__Data for this exercise__
----
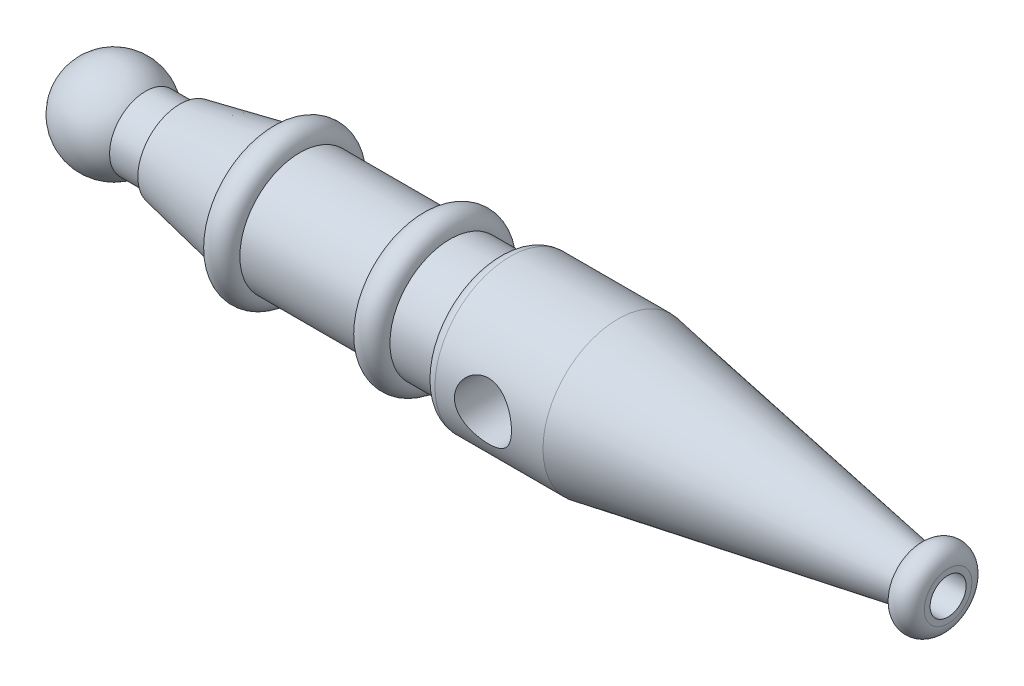
from build123d import *

# Parameters (mm, degrees)
SKETCH1_W          = 5.708497378
SKETCH1_H          = 6
SKETCH1_W_2        = 20
SKETCH1_H_2        = 10
SKETCH1_W_3        = 8
SKETCH2_R          = 4.75
CUT_EXTRUDE1_DEPTH = 29
SKETCH5_R          = 3
CUT_EXTRUDE2_DEPTH = 50


with BuildPart() as part:
    # Sketch1 → Revolve1 (revolve)
    with BuildSketch(Plane.XY, mode=Mode.PRIVATE) as revolve1_sk:
        with BuildLine():
            ThreePointArc((-37.60038927, 6), (-46.183394514, 7.291502622), (-50.891891892, 0))
            Line((-50.891891892, 0), (-37.60038927, 0))
            Line((-37.60038927, 0), (-37.60038927, 6))
        make_face()
        with Locations((-34.746140581, 3)):
            Rectangle(SKETCH1_W, SKETCH1_H)
        Polygon((-31.891891892, 6), (-31.891891892, 0), (-16.891891892, 0), (-16.891891892, 10), (-31.891891892, 7), align=None)
        with BuildLine():
            Line((-16.891891892, 10), (-16.891891892, 0))
            Line((-16.891891892, 0), (-11.891891892, 0))
            Line((-11.891891892, 0), (-11.891891892, 10))
            ThreePointArc((-11.891891892, 10), (-14.391891892, 12.5), (-16.891891892, 10))
        make_face()
        with Locations((-1.891891892, 5)):
            Rectangle(SKETCH1_W_2, SKETCH1_H_2)
        with BuildLine():
            Line((8.108108108, 10), (8.108108108, 0))
            Line((8.108108108, 0), (13.108108108, 0))
            Line((13.108108108, 0), (13.108108108, 10))
            ThreePointArc((13.108108108, 10), (10.608108108, 12.5), (8.108108108, 10))
        make_face()
        with Locations((17.108108108, 5)):
            Rectangle(SKETCH1_W_3, SKETCH1_H_2)
        with BuildLine():
            Line((21.108108108, 10), (21.108108108, 0))
            Line((21.108108108, 0), (40.989315554, 0))
            Line((40.989315554, 0), (41.108108108, 12.5))
            Line((41.108108108, 12.5), (23.108108108, 12.5))
            ThreePointArc((23.108108108, 12.5), (21.693894546, 11.914213562), (21.108108108, 10.5))
            Line((21.108108108, 10.5), (21.108108108, 10))
        make_face()
        Polygon((41.108108108, 12.5), (40.989315554, 0), (91.108108108, 0), (91.108108108, 3.959459459), align=None)
        with BuildLine():
            Line((91.108108108, 3.959459459), (91.108108108, 0))
            Line((91.108108108, 0), (96.108108108, 0))
            Line((96.108108108, 0), (96.108108108, 3.959459459))
            ThreePointArc((96.108108108, 3.959459459), (93.608108108, 6.459459459), (91.108108108, 3.959459459))
        make_face()
    revolve(revolve1_sk.sketch.rotate(Axis((-66.054054054, 0, 0), (1, 0, 0)), 90), axis=Axis((-66.054054054, 0, 0), (1, 0, 0)))

    # Sketch2 → Cut-Extrude1 (cut)
    with BuildSketch(Plane.XY.offset(12.5)):
        with Locations((31.108108108, 0)):
            Circle(SKETCH2_R)
    extrude(amount=-CUT_EXTRUDE1_DEPTH, mode=Mode.SUBTRACT)

    # Sketch5 → Cut-Extrude2 (cut)
    with BuildSketch(Plane(origin=(96.108108108, 0, 0), x_dir=(0, 0, -1), z_dir=(1, 0, 0))):
        Circle(SKETCH5_R)
    extrude(amount=-CUT_EXTRUDE2_DEPTH, mode=Mode.SUBTRACT)


solid = part.part
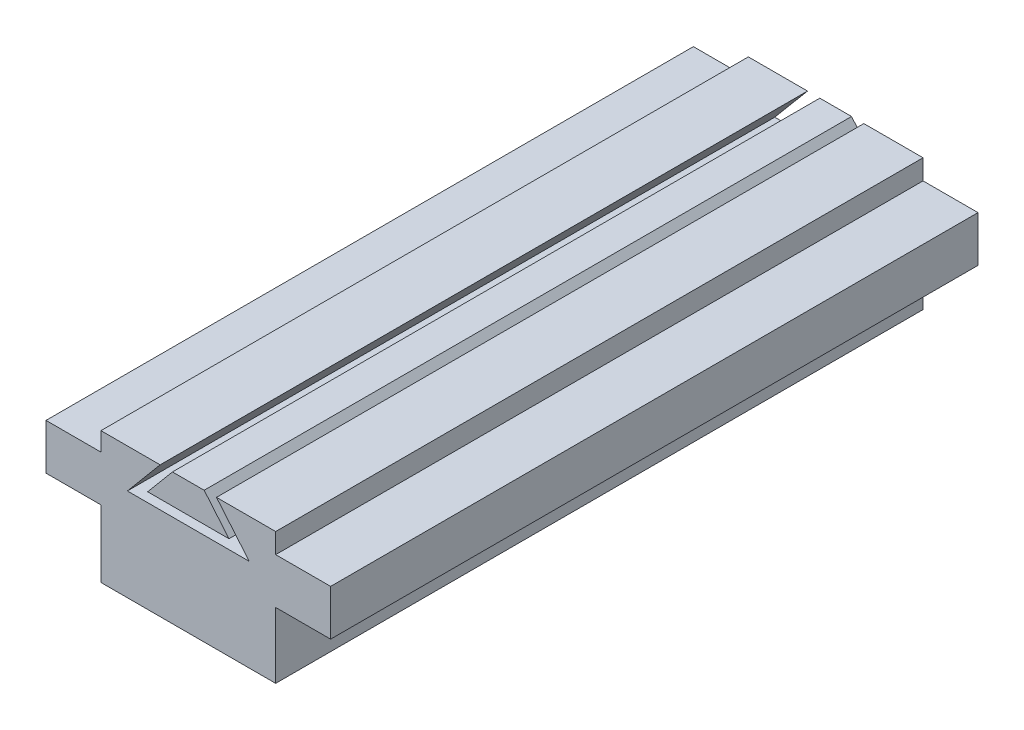
from build123d import *

# Parameters (mm, degrees)
BOSS_EXTRUDE1_DEPTH = 17.5
BOSS_EXTRUDE2_DEPTH = 17.5
SKETCH5_W           = 1.485390476
SKETCH5_H           = 1.235647008
BOSS_EXTRUDE3_DEPTH = 17.5
SKETCH6_R           = 0.677079947
CUT_EXTRUDE1_DEPTH  = 2.50000008


with BuildPart() as part:
    # Sketch1 → Boss-Extrude1 (new body)
    with BuildSketch(Plane.XY):
        Polygon((-0.428720295, 0), (0.428720295, 0), (1.1, -0.8), (-1.1, -0.8), align=None)
    extrude(amount=BOSS_EXTRUDE1_DEPTH)


with BuildPart() as body_2:
    # Sketch4 → Boss-Extrude2 (new body)
    with BuildSketch(Plane.XY.offset(17.5)):
        Polygon((-0.761599151, 0), (-1.64684926, -1.054999998), (1.64684926, -1.054999998), (0.761599151, 0), (2.361595951, 0), (2.361595951, -3.555000078), (-2.361595951, -3.555000078), (-2.361595951, 0), align=None)
    extrude(amount=-BOSS_EXTRUDE2_DEPTH)

    # Sketch5 → Boss-Extrude3 (add)
    with BuildSketch(Plane.XY.offset(17.5)):
        with Locations((-3.104291189, -1.120453231)):
            Rectangle(SKETCH5_W, SKETCH5_H)
        with Locations((3.104291189, -1.159203088)):
            Rectangle(SKETCH5_W, SKETCH5_H)
    extrude(amount=-BOSS_EXTRUDE3_DEPTH)

    # Sketch6 → Cut-Extrude1 (cut)
    with BuildSketch(Plane.XZ.offset(3.555000078)):
        with Locations((0, 16.087014181)):
            Circle(SKETCH6_R)
        with Locations((0, 12.277014181)):
            Circle(SKETCH6_R)
        with Locations((0, 8.467014181)):
            Circle(SKETCH6_R)
        with Locations((0, 4.657014181)):
            Circle(SKETCH6_R)
    extrude(amount=-CUT_EXTRUDE1_DEPTH, mode=Mode.SUBTRACT)


solid = Compound([part.part, body_2.part])
----
__Task to carry out__
A verbatim copy of every entry above, with no pictures, is the expected output.

__Solution for this task__
from build123d import *

# Parameters (mm, degrees)
SKETCH1_W          = 5.708497378
SKETCH1_H          = 6
SKETCH1_W_2        = 20
SKETCH1_H_2        = 10
SKETCH1_W_3        = 8
SKETCH2_R          = 4.75
CUT_EXTRUDE1_DEPTH = 29
SKETCH5_R          = 3
CUT_EXTRUDE2_DEPTH = 50


with BuildPart() as part:
    # Sketch1 → Revolve1 (revolve)
    with BuildSketch(Plane.XY, mode=Mode.PRIVATE) as revolve1_sk:
        with BuildLine():
            ThreePointArc((-37.60038927, 6), (-46.183394514, 7.291502622), (-50.891891892, 0))
            Line((-50.891891892, 0), (-37.60038927, 0))
            Line((-37.60038927, 0), (-37.60038927, 6))
        make_face()
        with Locations((-34.746140581, 3)):
            Rectangle(SKETCH1_W, SKETCH1_H)
        Polygon((-31.891891892, 6), (-31.891891892, 0), (-16.891891892, 0), (-16.891891892, 10), (-31.891891892, 7), align=None)
        with BuildLine():
            Line((-16.891891892, 10), (-16.891891892, 0))
            Line((-16.891891892, 0), (-11.891891892, 0))
            Line((-11.891891892, 0), (-11.891891892, 10))
            ThreePointArc((-11.891891892, 10), (-14.391891892, 12.5), (-16.891891892, 10))
        make_face()
        with Locations((-1.891891892, 5)):
            Rectangle(SKETCH1_W_2, SKETCH1_H_2)
        with BuildLine():
            Line((8.108108108, 10), (8.108108108, 0))
            Line((8.108108108, 0), (13.108108108, 0))
            Line((13.108108108, 0), (13.108108108, 10))
            ThreePointArc((13.108108108, 10), (10.608108108, 12.5), (8.108108108, 10))
        make_face()
        with Locations((17.108108108, 5)):
            Rectangle(SKETCH1_W_3, SKETCH1_H_2)
        with BuildLine():
            Line((21.108108108, 10), (21.108108108, 0))
            Line((21.108108108, 0), (40.989315554, 0))
            Line((40.989315554, 0), (41.108108108, 12.5))
            Line((41.108108108, 12.5), (23.108108108, 12.5))
            ThreePointArc((23.108108108, 12.5), (21.693894546, 11.914213562), (21.108108108, 10.5))
            Line((21.108108108, 10.5), (21.108108108, 10))
        make_face()
        Polygon((41.108108108, 12.5), (40.989315554, 0), (91.108108108, 0), (91.108108108, 3.959459459), align=None)
        with BuildLine():
            Line((91.108108108, 3.959459459), (91.108108108, 0))
            Line((91.108108108, 0), (96.108108108, 0))
            Line((96.108108108, 0), (96.108108108, 3.959459459))
            ThreePointArc((96.108108108, 3.959459459), (93.608108108, 6.459459459), (91.108108108, 3.959459459))
        make_face()
    revolve(revolve1_sk.sketch.rotate(Axis((-66.054054054, 0, 0), (1, 0, 0)), 90), axis=Axis((-66.054054054, 0, 0), (1, 0, 0)))

    # Sketch2 → Cut-Extrude1 (cut)
    with BuildSketch(Plane.XY.offset(12.5)):
        with Locations((31.108108108, 0)):
            Circle(SKETCH2_R)
    extrude(amount=-CUT_EXTRUDE1_DEPTH, mode=Mode.SUBTRACT)

    # Sketch5 → Cut-Extrude2 (cut)
    with BuildSketch(Plane(origin=(96.108108108, 0, 0), x_dir=(0, 0, -1), z_dir=(1, 0, 0))):
        Circle(SKETCH5_R)
    extrude(amount=-CUT_EXTRUDE2_DEPTH, mode=Mode.SUBTRACT)


solid = part.part
from build123d import *

# Parameters (mm, degrees)
BOSS_EXTRUDE1_DEPTH = 17.5
BOSS_EXTRUDE2_DEPTH = 17.5
SKETCH5_W           = 1.485390476
SKETCH5_H           = 1.235647008
BOSS_EXTRUDE3_DEPTH = 17.5
SKETCH6_R           = 0.677079947
CUT_EXTRUDE1_DEPTH  = 2.50000008


with BuildPart() as part:
    # Sketch1 → Boss-Extrude1 (new body)
    with BuildSketch(Plane.XY):
        Polygon((-0.428720295, 0), (0.428720295, 0), (1.1, -0.8), (-1.1, -0.8), align=None)
    extrude(amount=BOSS_EXTRUDE1_DEPTH)


with BuildPart() as body_2:
    # Sketch4 → Boss-Extrude2 (new body)
    with BuildSketch(Plane.XY.offset(17.5)):
        Polygon((-0.761599151, 0), (-1.64684926, -1.054999998), (1.64684926, -1.054999998), (0.761599151, 0), (2.361595951, 0), (2.361595951, -3.555000078), (-2.361595951, -3.555000078), (-2.361595951, 0), align=None)
    extrude(amount=-BOSS_EXTRUDE2_DEPTH)

    # Sketch5 → Boss-Extrude3 (add)
    with BuildSketch(Plane.XY.offset(17.5)):
        with Locations((-3.104291189, -1.120453231)):
            Rectangle(SKETCH5_W, SKETCH5_H)
        with Locations((3.104291189, -1.159203088)):
            Rectangle(SKETCH5_W, SKETCH5_H)
    extrude(amount=-BOSS_EXTRUDE3_DEPTH)

    # Sketch6 → Cut-Extrude1 (cut)
    with BuildSketch(Plane.XZ.offset(3.555000078)):
        with Locations((0, 16.087014181)):
            Circle(SKETCH6_R)
        with Locations((0, 12.277014181)):
            Circle(SKETCH6_R)
        with Locations((0, 8.467014181)):
            Circle(SKETCH6_R)
        with Locations((0, 4.657014181)):
            Circle(SKETCH6_R)
    extrude(amount=-CUT_EXTRUDE1_DEPTH, mode=Mode.SUBTRACT)


solid = Compound([part.part, body_2.part])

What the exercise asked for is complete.